Similarly, between July and August 2021, the total number of claims pending a final coverage decision only decreased slightly, in the grand scheme of things, from 6,900 to 6,073.

Irwin added that 35% of accepted claims are still waiting to receive a settlement.

She attributed this trend to a couple of factors, such as the immediate impact of the Supreme Court judgment waning as time has passed and the fact that more straightforward, easy to prepare cases were most likely dealt with first. This means that stalled progress could be down to discussions around more contentious claims.

This could include cases were the policy wordings were not directly included in the test case sample, so a bit of creative license is needed to apply the judgment learnings, or if policyholders are still experiencing Covid-related losses, meaning that indemnity periods are still being determined.

Irwin said: “The figures appear to show steady progress in the final settlement of claims throughout 2021 and in that loss adjusting process, but perhaps there has been a slow down in cover decisions being made and claims accepted.”

Outstanding issues

The litigation around BI claims is far from over, Irwin added, with a number of cases set to be heard this year.

These primarily focus around the outstanding issues that were not solved by the FCA’s legal proceedings – for example, aggregation, the treatment of government grants, clarifying the length of the cover period and the application of late payment damages.

She even described the case between pub chain company Stonegate Group and MS Amlin, which is due to go to trial in June 2022, as a “quasi test case” for the aggregation issue.

The claim, valued at £845m, considers Stonegate’s 791 pubs, restaurants and bars and whether its BI losses should come under one single claim or numerous independent claims with separate sub-limits.

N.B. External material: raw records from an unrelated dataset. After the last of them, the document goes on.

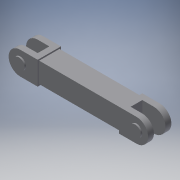
# Autodesk Inventor part: ShortArm
Saved by Autodesk Inventor 2018 (Build 220105000, 105)
## iProperties
Created: 2004-11-28
Document SubType Name: Modeling
Designer: Autodesk, Inc.
Manufacturer: Standard
Standards Organization: Custom
Description: SWING ARM, SHORT ARM
Mass: 540.311 g
Surface Area: 666.42 cm^2
Volume: 540.311 cm^3
Density: 1 g/cm^3
Material: Generic
Appearance: Default
CAGE: 1LJX3
Dept. ID: Product Design
Description #2: ---
Finish #1: ---
Finish #2: ---
Material ID: ---
Project Number: ---
Author: Autodesk, Inc.
Autodesk Inventor part; units mm, degrees
sketch "Sketch1" plane through (0, 0, 0) normal (0, 0, 1) x (1, 0, 0)
  line L0 (0, 25.4) -> (254, 25.4)
  line L1 (254, 25.4) -> (254, -25.4)
  line L2 (254, -25.4) -> (0, -25.4)
  line L3 (0, -25.4) -> (0, 25.4)
  circle A0 centre (0, 0) radius 25.4
  circle A1 centre (254, 0) radius 25.4
  dimension "d0" = 254
  dimension "d1" = 50.8
  constraints: 8 end point, 2 midpoint, 2 parallel, 2 vertical alignment, 1 coincident, 1 horizontal, 1 perpendicular, 4 other
  measures "d0" distance of L0.start L0.end
  measures "d1" distance of L0.end L1.end
extrude "Extrusion1" add sketch "Sketch1" along normal mid plane 50.8
sketch "Sketch2" plane through (0, 25.4, 25.4) normal (0, 1, 0) x (1, 0, 0)
  line L0 (-25.4, 50.8) -> (-25.4, 0) projected
  line L1 (-25.4, 50.8) -> (0, 50.8) projected
  line L2 (0, 0) -> (-25.4, 0) projected
  line L3 (0, 0) -> (254, 0) projected
  line L4 (254, 50.8) -> (0, 50.8) projected
  line L5 (-25.4, 12.7) -> (25.4, 12.7)
  line L6 (25.4, 12.7) -> (25.4, 38.1)
  line L7 (25.4, 38.1) -> (-25.4, 38.1)
  line L8 (-25.4, 38.1) -> (-25.4, 12.7)
  point P0 (-25.4, 25.4)
  point P1 (-25.4, 25.4)
  dimension "d4" = 25.4
  dimension "d10" = 50.8
  constraints: 8 end point, 2 midpoint, 2 parallel, 1 coincident, 1 horizontal, 1 perpendicular, 1 point on line
  measures "d4" distance of L5.end L6.end
  measures "d10" distance of L6.end L7.end
extrude "Extrusion2" cut sketch "Sketch2" against normal through all
ref_plane "Work Plane1" through (279.4, 0, 0) normal (1, 0, 0) x (0, 1, 0)
ref_plane "Work Plane2" through (-25.4, 0, 0) normal (1, 0, 0) x (0, 1, 0)
ref_plane "Work Plane3" through (127, 0, 0) normal (1, 0, 0) x (0, 1, 0)
sketch "Sketch5" plane through (0, 0, 25.4) normal (0, 0, 1) x (1, 0, 0)
  arc A0 (254, -25.4) -> (254, 25.4) centre (254, 0) ccw projected
  line L0 (0, 25.4) -> (254, 25.4) projected
  arc A1 (0, 25.4) -> (0, -25.4) centre (0, 0) ccw projected
  line L1 (254, -25.4) -> (0, -25.4) projected
  circle A2 centre (0, 0) radius 25.4 construction
  circle A3 centre (254, 0) radius 25.4 construction
  line L2 (38.1, 25.4) -> (38.1, -25.4)
  line L3 (215.9, 25.4) -> (215.9, -25.4)
  dimension "d11" = 12.7
  dimension "d13" = 12.7
  constraints: 4 end point, 4 point on line, 2 centre point, 2 coincident, 2 concentric, 2 perpendicular
  measures "d11" distance edge to line of A2 L2
  measures "d13" distance edge to line of A3 L3
extrude "Extrusion4" cut sketch "Sketch5" against normal blind 3.175 contours L1 L2 L0 L3
pattern_circular "Circular Pattern1" count 4 over 360 about axis through (-10, 0, 0) along (1, 0, 0) of "Extrusion4"
mirror "Mirror1" about plane through (127, 0, 0) normal (1, 0, 0) of "Extrusion2"
sketch "Sketch3" plane through (0, 0, 25.4) normal (0, 0, 1) x (1, 0, 0)
  arc A0 (0, 25.4) -> (0, -25.4) centre (0, 0) ccw projected
  arc A1 (254, -25.4) -> (254, 25.4) centre (254, 0) ccw projected
  circle A2 centre (0, 0) radius 12.7
  circle A3 centre (254, 0) radius 12.7
  dimension "d7" = 25.4
  constraints: 2 centre point, 2 coincident, 1 equal radius
  measures "d7" diameter of A2
extrude "Extrusion3" add sketch "Sketch3" along normal blind 3.175
mirror "Mirror2" about plane through (0, 0, 0) normal (0, 0, 1) of "Extrusion3"
equation "\"d13\" = d11"
body "Solid1"
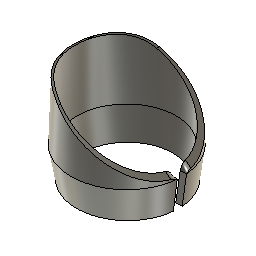
wanner-nose (Autodesk Fusion 360 design; units mm, degrees)
Autodesk Fusion 360 part; units mm, degrees
sketch "Sketch1" plane through (0, 0, 0) normal (0, 0, 1) x (1, 0, 0) in component "wanner-nose"
  arc A0 (14.961, 1.0814) -> (14.9175, -1.5706) centre (0, 0) ccw
  arc A1 (16.9558, 1.2256) -> (16.9181, -1.6665) centre (0, 0) ccw
  line L0 (14.961, 1.0814) -> (16.9558, 1.2256)
  line L1 (16.9181, -1.6665) -> (14.9175, -1.5706)
  dimension "d1" = 15
  dimension "d2" = 17
  constraint coincident A0.centre A1.centre
  measures "d1" radius of A0
  measures "d2" radius of A1
ref_plane "WorkPlane1" through (-0.1274, -0.2024, 10) normal (0, 0, 1) x (1, 0, 0) in component "wanner-nose"
sketch "Sketch3" plane through (-0.1274, -0.2024, 10) normal (0, 0, 1) x (1, 0, 0) in component "wanner-nose"
  arc A0 (16.4407, 1.398) -> (16.4396, -1.4105) centre (0, 0) ccw
  arc A1 (18.4369, 1.5269) -> (18.4325, -1.5793) centre (0, 0) ccw
  line L0 (18.4325, -1.5793) -> (16.4396, -1.4105)
  line L1 (16.4407, 1.398) -> (18.4369, 1.5269)
  dimension "d8" = 16.5
  dimension "d9" = 18.5
  constraint coincident A0.centre A1.centre
  measures "d8" radius of A0
  measures "d9" radius of A1
loft "Loft1" add profiles "Sketch3", "Sketch1" section 1 section 2 in component "wanner-nose"
extrude "Extrude1" add 1 faces at (17.5002, 2.1891, 10) along direction (0, 0, 1) blind 20 draft -2 in component "wanner-nose"
sketch "Sketch4" plane through (0, 0, 0) normal (0, 1, 0) x (1, 0, 0) in component "wanner-nose"
  line L0 (19, -10) -> (-11, -30)
  line L1 (-11, -30) -> (-11, -34)
  line L2 (-11, -34) -> (25.3325, -34)
  line L3 (25.3325, -34) -> (19, -10)
  constraint vertical L1
  constraint perpendicular L1 L2
extrude "Extrude2" cut sketch "Sketch4" along normal blind 35 and the other way blind 46 in component "wanner-nose"
fillet "Fillet1" radius 19.5 2 edges at (-11, -13.913, 30) (-11, 13.5082, 30) in component "wanner-nose"
fillet "Fillet2" radius 2 2 edges at (17.3275, -1.738, 11.115) (17.3304, 1.3003, 11.1131) in component "wanner-nose"
component "wanner-nose" placed x (1, 0, 0) y (0, 1, 0) z (0, 0, 1) at (0, 0, 0)
equation "d1 = ( 30 / 2 ) * 1 mm"
equation "d2 = ( 34 / 2 ) * 1 mm"
equation "d8 = ( 33 / 2 ) * 1 mm"
equation "d9 = ( 37 / 2 ) * 1 mm"

Meanwhile, more confusion also reigns as a result of Lord Mance, who sat as the sole arbitrator in Certain Policyholders v China Taiping Insurance (UK) Co Ltd. According to Irwin, some of his decisions contradicted the original High Court judgment, published in September 2020 - for example determining that ‘vicinity’ did not just refer to a local, neighbourhood incident.

The discussion points raised by Weightmans flags one conclusion – that despite it being a year since the ‘clarity’ of the Supreme Court’s final ruling, we still have a long way to go before a solution to every conceivable BI predicament is created, if this is even possible.

Businesses – and especially SMEs – come in all shapes, sizes and models. I have a feeling a lot of the remaining work now is going to involve making coverage decisions on a claim-by-claim basis, considering the particular nuances of individual businesses. Although this may be more time consuming, hopefully it will lead to the right results.